**Aim of the exercise**
Output the opening lines of the records exactly. End with the line that contains "settings RTWCC: SystemTargetFile=ert.tlc".

**Dataset**
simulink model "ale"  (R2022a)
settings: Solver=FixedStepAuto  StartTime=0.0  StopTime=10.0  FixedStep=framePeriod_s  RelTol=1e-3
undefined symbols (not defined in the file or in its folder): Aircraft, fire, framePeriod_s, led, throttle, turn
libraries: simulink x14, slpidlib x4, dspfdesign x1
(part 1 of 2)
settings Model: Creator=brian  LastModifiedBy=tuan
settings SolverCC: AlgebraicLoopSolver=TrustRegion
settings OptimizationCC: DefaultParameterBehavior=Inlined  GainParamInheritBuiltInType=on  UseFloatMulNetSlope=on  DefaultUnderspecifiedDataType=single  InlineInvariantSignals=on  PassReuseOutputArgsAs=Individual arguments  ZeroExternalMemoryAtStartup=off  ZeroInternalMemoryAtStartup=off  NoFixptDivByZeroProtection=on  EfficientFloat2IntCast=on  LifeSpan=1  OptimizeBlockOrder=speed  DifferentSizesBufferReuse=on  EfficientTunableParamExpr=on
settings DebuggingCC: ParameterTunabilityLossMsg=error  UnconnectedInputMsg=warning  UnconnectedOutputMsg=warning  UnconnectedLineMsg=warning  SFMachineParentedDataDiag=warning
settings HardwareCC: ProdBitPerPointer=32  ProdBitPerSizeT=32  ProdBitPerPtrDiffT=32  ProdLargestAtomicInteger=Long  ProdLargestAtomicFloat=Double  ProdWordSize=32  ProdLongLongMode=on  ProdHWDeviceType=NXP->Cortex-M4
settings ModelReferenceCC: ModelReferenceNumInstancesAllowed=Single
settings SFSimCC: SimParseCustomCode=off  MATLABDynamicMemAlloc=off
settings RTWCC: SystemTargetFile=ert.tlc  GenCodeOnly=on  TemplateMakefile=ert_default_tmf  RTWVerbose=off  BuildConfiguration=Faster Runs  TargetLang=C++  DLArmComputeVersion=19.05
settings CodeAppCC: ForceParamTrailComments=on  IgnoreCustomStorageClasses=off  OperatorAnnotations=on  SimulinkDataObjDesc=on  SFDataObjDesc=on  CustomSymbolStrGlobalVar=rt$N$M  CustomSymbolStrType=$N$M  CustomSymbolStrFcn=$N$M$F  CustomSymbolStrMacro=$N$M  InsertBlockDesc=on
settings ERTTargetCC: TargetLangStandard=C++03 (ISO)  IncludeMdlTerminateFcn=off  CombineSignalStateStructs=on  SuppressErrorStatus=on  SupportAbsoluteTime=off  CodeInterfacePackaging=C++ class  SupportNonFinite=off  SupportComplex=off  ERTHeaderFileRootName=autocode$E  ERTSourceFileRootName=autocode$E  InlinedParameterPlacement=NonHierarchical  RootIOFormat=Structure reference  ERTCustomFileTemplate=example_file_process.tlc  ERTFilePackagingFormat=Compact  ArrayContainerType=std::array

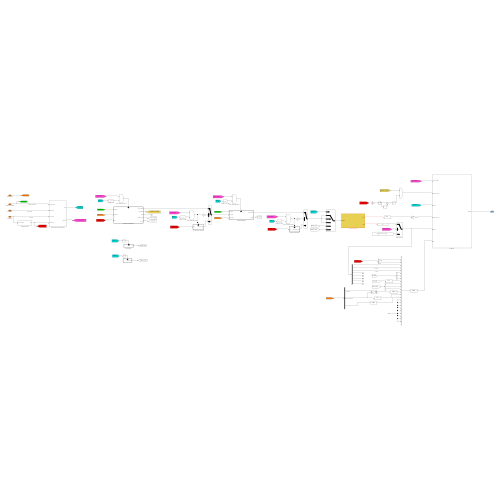
[thumbnail: Simulink's stored preview of the top-level diagram]
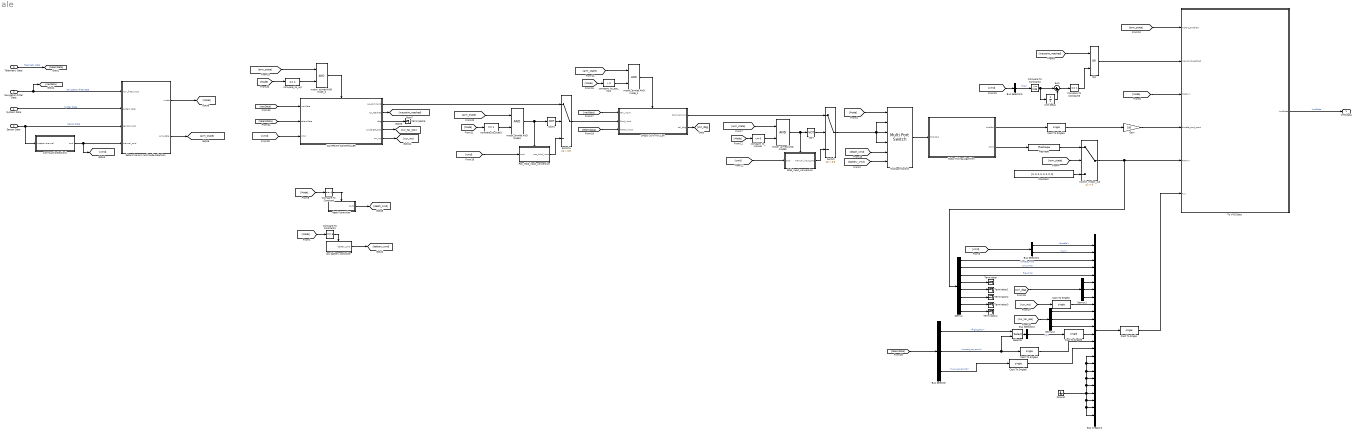
== system ale ==
  System Data : Inport  OutDataTypeStr=Bus: SysData  SampleTime=framePeriod_s  BusOutputAsStruct=on
  Sensor Data : Inport  Port=2  OutDataTypeStr=Bus: SensorData  SampleTime=framePeriod_s  BusOutputAsStruct=on
  Navigation Filter Data : Inport  Port=3  OutDataTypeStr=Bus: NavData  SampleTime=framePeriod_s  BusOutputAsStruct=on
  Telemetry Data : Inport  Port=4  OutDataTypeStr=Bus: TelemData  SampleTime=framePeriod_s  BusOutputAsStruct=on
  Bus Creator2 : BusCreator  Inputs=24
  Bus Selector : BusSelector  OutputSignals=flight_plan,current_waypoint,num_waypoints
  Bus Selector1 : BusSelector  OutputSignals=throttle,turn
  Bus Selector2 : BusSelector  OutputSignals=x
  Bus Selector3 : BusSelector  OutputSignals=fire
  Cast To Single{,1..5} (6 alike) : DataTypeConversion  OutDataTypeStr=single  SaturateOnIntegerOverflow=off  RndMeth=Floor
  Compare To Constant : simulink/Logic and Bit Operations/Compare To Constant  relop===  const=4  OutDataTypeStr=boolean
  Compare To Constant1 : simulink/Logic and Bit Operations/Compare To Constant  relop===  const=3  OutDataTypeStr=boolean
  Compare To Constant2 : simulink/Logic and Bit Operations/Compare To Constant  relop=>=  const=0.99  OutDataTypeStr=uint8
  Compare To Constant3 : simulink/Logic and Bit Operations/Compare To Constant  relop===  const=1  OutDataTypeStr=boolean
  Constant : Constant  Value=[0, 0, 0, 0, 0, 0, 0, 0]  OutDataTypeStr=single  SampleTime=framePeriod_s
  Demux : Demux  Outputs=8
  Demux1 : Demux  Outputs=3
  Demux2 : Demux  Outputs=3
  Gain : Gain  Gain=100
  Ground : Ground
  Motor Mixing Algorithm : Subsystem
  Multiport Switch : MultiPortSwitch  DataPortOrder=Specify indices  DataPortIndices={0, 1, 2, 3, 4}  DiagnosticForDefault=None  SaturateOnIntegerOverflow=off  InputSameDT=off
  NOT : Logic  Operator=NOT  IconShape=distinctive  AllPortsSameDT=off  OutDataTypeStr=boolean
  NOT1 : Logic  Operator=NOT  IconShape=distinctive  AllPortsSameDT=off  OutDataTypeStr=boolean
  OR : Logic  Operator=OR  IconShape=distinctive  AllPortsSameDT=off  OutDataTypeStr=boolean
  Pos_Hold_input_conversion : Subsystem
  Reshape : Reshape
  SPEED CONTROLLER : Subsystem
  Selector : Selector  IndexMode=Zero-based  InputPortWidth=100  IndexOptions=Index vector (port)  Indices=[1 3]  OutputSizes=1
  Stab_input_conversion : Subsystem
  Sum : Sum  Inputs=|+-
  Switch : Switch  Criteria=u2 > Threshold  Threshold=0.5  SaturateOnIntegerOverflow=off  InputSameDT=off
  Switch1 : Switch  Criteria=u2 > Threshold  Threshold=0.5  SaturateOnIntegerOverflow=off  InputSameDT=off
  Terminator{,1..5} (6 alike) : Terminator
  To VMS Data : Subsystem
  Unit Delay : UnitDelay  SampleTime=-1  HasFrameUpgradeWarning=on
  WAYPOINT CONTROLLER : Subsystem
  command selection1 : Subsystem
  compare_to_manual : simulink/Logic and Bit Operations/Compare To Constant  relop=<=  const=0  OutDataTypeStr=boolean
  compare_to_pos_hold : simulink/Logic and Bit Operations/Compare To Constant  relop=>  const=0  OutDataTypeStr=boolean
  compare_to_stab1 : simulink/Logic and Bit Operations/Compare To Constant  relop===  const=1  OutDataTypeStr=boolean
  compare_to_wp : simulink/Logic and Bit Operations/Compare To Constant  relop===  const=2  OutDataTypeStr=boolean
  death controller : Subsystem
  determine arm and mode selection : Subsystem
  low battery controller : Subsystem  TreatAsAtomicUnit=on
  motor_armed AND mode0 : Logic  IconShape=distinctive  AllPortsSameDT=off  OutDataTypeStr=boolean
  motor_armed AND mode1 : Logic  IconShape=distinctive  AllPortsSameDT=off  OutDataTypeStr=boolean
  motor_armed AND mode_1 : Logic  IconShape=distinctive  AllPortsSameDT=off  OutDataTypeStr=boolean
  motor_armed AND mode_2 : Logic  IconShape=distinctive  AllPortsSameDT=off  OutDataTypeStr=boolean
  switch_motor_out : Switch  Criteria=u2 > Threshold  SaturateOnIntegerOverflow=off  InputSameDT=off
  VMS Data : Outport  OutDataTypeStr=Bus: VmsData  SampleTime=framePeriod_s  BusOutputAsStruct=on
  wires:
  [Mode] -> To VMS Data/3(Mode in)
  Gain/1 -> To VMS Data/4(throttle_cmd_prcnt)
  Reshape/1 -> switch_motor_out/1
  Bus Selector1/1 -> Bus Creator2/1  "<throttle>"
  [arm_state] -> To VMS Data/1(motors_enabled)
  Ground/1 -> Bus Creator2/16, Bus Creator2/17, Bus Creator2/18, Bus Creator2/19, Bus Creator2/20, Bus Creator2/21, Bus Creator2/24, Bus Creator2/23, Bus Creator2/22
  [arm_state] -> switch_motor_out/2
  switch_motor_out/1 -> Demux/1, To VMS Data/5(PWM In)
  Constant/1 -> switch_motor_out/3
  Cast To Single/1 -> To VMS Data/6(Aux)
  Bus Creator2/1 -> Cast To Single/1
  Motor Mixing Algorithm/1(throttle) -> Cast To Single1/1
  Motor Mixing Algorithm/2(PWM) -> Reshape/1
  Cast To Single1/1 -> Gain/1
  To VMS Data/1(VmsData) -> VMS Data/1  "VmsData"
  Sensor Data/1 -> determine arm and mode selection/3(sensor_input), command selection1/1(inceptor channel)  "Sensor Data"
  Telemetry Data/1 -> [telemData]  "Telemetry Data"
  determine arm and mode selection/1(mode) -> [Mode]
  System Data/1 -> determine arm and mode selection/2(system data)  "Systen Data"
  determine arm and mode selection/2(arm_state) -> [arm_state]
  Navigation Filter Data/1 -> [navData], determine arm and mode selection/1(nav_filter_input)  "Navigation Filter Data"
  [cmd] -> Bus Selector1/1
  Bus Selector1/2 -> Bus Creator2/2  "<turn>"
  Demux/1 -> Bus Creator2/3  "throttle_mma"
  Demux/2 -> Bus Creator2/4  "turn_mma"
  Demux/3 -> Bus Creator2/5  "fire_mma"
  Demux/4 -> Terminator/1
  Demux/5 -> Terminator1/1
  Demux/6 -> Terminator2/1
  Demux/7 -> Terminator3/1
  Demux/8 -> Terminator4/1
  [Mode] -> Multiport Switch/1
  death controller/1(Out1) -> [death_cmd]
  [Mode] -> Compare To Constant/1
  Compare To Constant/1 -> death controller/Enable
  [Mode] -> Compare To Constant1/1
  Compare To Constant1/1 -> low battery controller/Enable
  low battery controller/1(battery_cmd) -> [battery_cmd]
  command selection1/1(cmd) -> determine arm and mode selection/4(manual_cmd), [cmd]
  Switch/1 -> Multiport Switch/2, Multiport Switch/4, Multiport Switch/3
  [Mode] -> compare_to_manual/1
  compare_to_manual/1 -> motor_armed AND mode0/2
  motor_armed AND mode0/1 -> Stab_input_conversion/Enable, NOT/1
  [arm_state] -> motor_armed AND mode0/1
  NOT/1 -> Switch/2
  [cmd] -> Stab_input_conversion/1(cmd)
  Stab_input_conversion/1(manual_input_cmd) -> Switch/3
  [navData] -> SPEED CONTROLLER/1(Nav_input)
  compare_to_pos_hold/1 -> motor_armed AND mode_1/2
  [arm_state] -> motor_armed AND mode_1/1
  [Mode] -> compare_to_pos_hold/1
  motor_armed AND mode_1/1 -> SPEED CONTROLLER/Enable
  SPEED CONTROLLER/1(Command out) -> Switch/1
  [Mode] -> compare_to_stab1/1
  motor_armed AND mode1/1 -> Pos_Hold_input_conversion/Enable, NOT1/1
  Switch1/1 -> SPEED CONTROLLER/2(Cmd_input)
  Pos_Hold_input_conversion/1(pos_hold_input) -> Switch1/3
  compare_to_stab1/1 -> motor_armed AND mode1/2
  NOT1/1 -> Switch1/2
  [cmd] -> Pos_Hold_input_conversion/1(cmd)
  [arm_state] -> motor_armed AND mode1/1
  [telemData] -> SPEED CONTROLLER/3(Telem_input)
  Multiport Switch/1 -> Motor Mixing Algorithm/1(MMA Bus)
  WAYPOINT CONTROLLER/1(wp_command) -> Switch1/1
  WAYPOINT CONTROLLER/2(wp_reached) -> [waypoint_reached]
  WAYPOINT CONTROLLER/3(dbg) -> Terminator5/1
  [arm_state] -> motor_armed AND mode_2/1
  compare_to_wp/1 -> motor_armed AND mode_2/2
  [Mode] -> compare_to_wp/1
  motor_armed AND mode_2/1 -> WAYPOINT CONTROLLER/Enable
  [telemData] -> WAYPOINT CONTROLLER/2(telemData)
  [navData] -> WAYPOINT CONTROLLER/1(navData)
  [cmd] -> WAYPOINT CONTROLLER/3(cmd)
  [battery_cmd] -> Multiport Switch/6
  [death_cmd] -> Multiport Switch/5
  SPEED CONTROLLER/2(ctrl_dbg) -> [ctrl_dbg]
  [ctrl_dbg] -> Demux1/1
  Demux1/1 -> Bus Creator2/6
  Demux1/2 -> Bus Creator2/7
  Demux1/3 -> Bus Creator2/8
  WAYPOINT CONTROLLER/4(cur_target_pos) -> [cur_tar_pos]
  WAYPOINT CONTROLLER/5(cur_wp) -> [cur_wp]
  [cur_wp] -> Cast To Single2/1
  Demux2/3 -> Bus Creator2/12
  Demux2/2 -> Bus Creator2/11
  Demux2/1 -> Bus Creator2/10
  [cur_tar_pos] -> Demux2/1
  Cast To Single2/1 -> Bus Creator2/9
  [telemData] -> Bus Selector/1
  Bus Selector/1 -> Selector/1  "<flight_plan>"
  Selector/1 -> Bus Selector2/1
  Bus Selector2/1 -> Cast To Single3/1  "<x>"
  Cast To Single3/1 -> Bus Creator2/13
  Bus Selector/2 -> Selector/2, Cast To Single4/1  "<current_waypoint>"
  [waypoint_reached] -> OR/1
  OR/1 -> To VMS Data/2(waypoint_reached)
  [cmd] -> Bus Selector3/1
  Bus Selector3/1 -> Compare To Constant2/1  "<fire>"
  Bus Selector/3 -> Cast To Single5/1  "<num_waypoints>"
  Cast To Single4/1 -> Bus Creator2/14
  Cast To Single5/1 -> Bus Creator2/15
  Compare To Constant2/1 -> Sum/1, Unit Delay/1
  Compare To Constant3/1 -> OR/2
  Sum/1 -> Compare To Constant3/1
  Unit Delay/1 -> Sum/2

== system ale/Motor Mixing Algorithm ==
  note: Other outputs are for fun things like Laser, Death or alive signal and speeker
  note: Motor output command is from -1 to 1
  note: this block map the control input to the correct hardware output signal. ie speed and turn command to the corresponding wheel speeds
  MMA Bus : Inport
  Bus Selector : BusSelector  OutputSignals=throttle,turn,fire,led
  Motor Mix : Constant  Value=Aircraft.Motor.mix  OutDataTypeStr=single  SampleTime=framePeriod_s
  Multiply : Product  Inputs=**  Multiplication=Matrix(*)  OutDataTypeStr=single
  Mux : Mux
  Reshape : Reshape  OutputDimensionality=Column vector (2-D)
  Saturation : Saturate  UpperLimit=1  LowerLimit=-1
  throttle : Outport
  PWM : Outport  Port=2
  wires:
  Mux/1 -> Reshape/1
  MMA Bus/1 -> Bus Selector/1
  Bus Selector/1 -> throttle/1, Mux/1  "<throttle>"
  Bus Selector/2 -> Mux/2  "<turn>"
  Multiply/1 -> Saturation/1  "Command"
  Reshape/1 -> Multiply/2
  Motor Mix/1 -> Multiply/1
  Bus Selector/3 -> Mux/3  "<fire>"
  Saturation/1 -> PWM/1
  Bus Selector/4 -> Mux/4  "<led>"

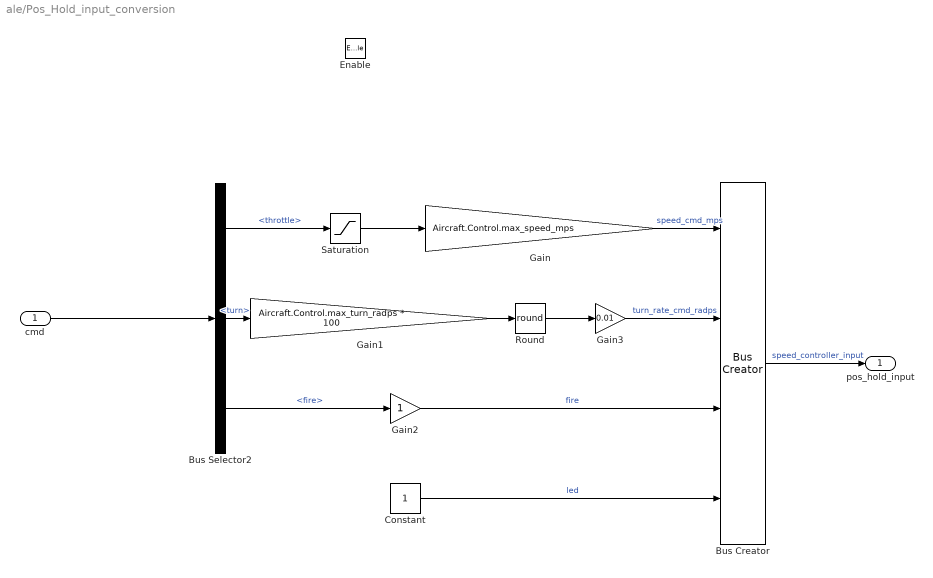
== system ale/Pos_Hold_input_conversion ==
  cmd : Inport
  Enable : EnablePort
  Bus Creator : BusCreator  Inputs=4
  Bus Selector2 : BusSelector  OutputSignals=throttle,turn,fire
  Constant : Constant  OutDataTypeStr=single
  Gain : Gain  Gain=Aircraft.Control.max_speed_mps
  Gain1 : Gain  Gain=Aircraft.Control.max_turn_radps * 100
  Gain2 : Gain
  Gain3 : Gain  Gain=0.01
  Round : Rounding  Operator=round
  Saturation : Saturate  UpperLimit=1  LowerLimit=0
  pos_hold_input : Outport
  wires:
  Bus Selector2/2 -> Gain1/1  "<turn>"
  Bus Creator/1 -> pos_hold_input/1  "speed_controller_input"
  Gain2/1 -> Bus Creator/3  "fire"
  Gain/1 -> Bus Creator/1  "speed_cmd_mps"
  Bus Selector2/3 -> Gain2/1  "<fire>"
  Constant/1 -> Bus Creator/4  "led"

**Exercise answer**
simulink model "ale"  (R2022a)
settings: Solver=FixedStepAuto  StartTime=0.0  StopTime=10.0  FixedStep=framePeriod_s  RelTol=1e-3
undefined symbols (not defined in the file or in its folder): Aircraft, fire, framePeriod_s, led, throttle, turn
libraries: simulink x14, slpidlib x4, dspfdesign x1
(part 1 of 2)
settings Model: Creator=brian  LastModifiedBy=tuan
settings SolverCC: AlgebraicLoopSolver=TrustRegion
settings OptimizationCC: DefaultParameterBehavior=Inlined  GainParamInheritBuiltInType=on  UseFloatMulNetSlope=on  DefaultUnderspecifiedDataType=single  InlineInvariantSignals=on  PassReuseOutputArgsAs=Individual arguments  ZeroExternalMemoryAtStartup=off  ZeroInternalMemoryAtStartup=off  NoFixptDivByZeroProtection=on  EfficientFloat2IntCast=on  LifeSpan=1  OptimizeBlockOrder=speed  DifferentSizesBufferReuse=on  EfficientTunableParamExpr=on
settings DebuggingCC: ParameterTunabilityLossMsg=error  UnconnectedInputMsg=warning  UnconnectedOutputMsg=warning  UnconnectedLineMsg=warning  SFMachineParentedDataDiag=warning
settings HardwareCC: ProdBitPerPointer=32  ProdBitPerSizeT=32  ProdBitPerPtrDiffT=32  ProdLargestAtomicInteger=Long  ProdLargestAtomicFloat=Double  ProdWordSize=32  ProdLongLongMode=on  ProdHWDeviceType=NXP->Cortex-M4
settings ModelReferenceCC: ModelReferenceNumInstancesAllowed=Single
settings SFSimCC: SimParseCustomCode=off  MATLABDynamicMemAlloc=off
settings RTWCC: SystemTargetFile=ert.tlc  GenCodeOnly=on  TemplateMakefile=ert_default_tmf  RTWVerbose=off  BuildConfiguration=Faster Runs  TargetLang=C++  DLArmComputeVersion=19.05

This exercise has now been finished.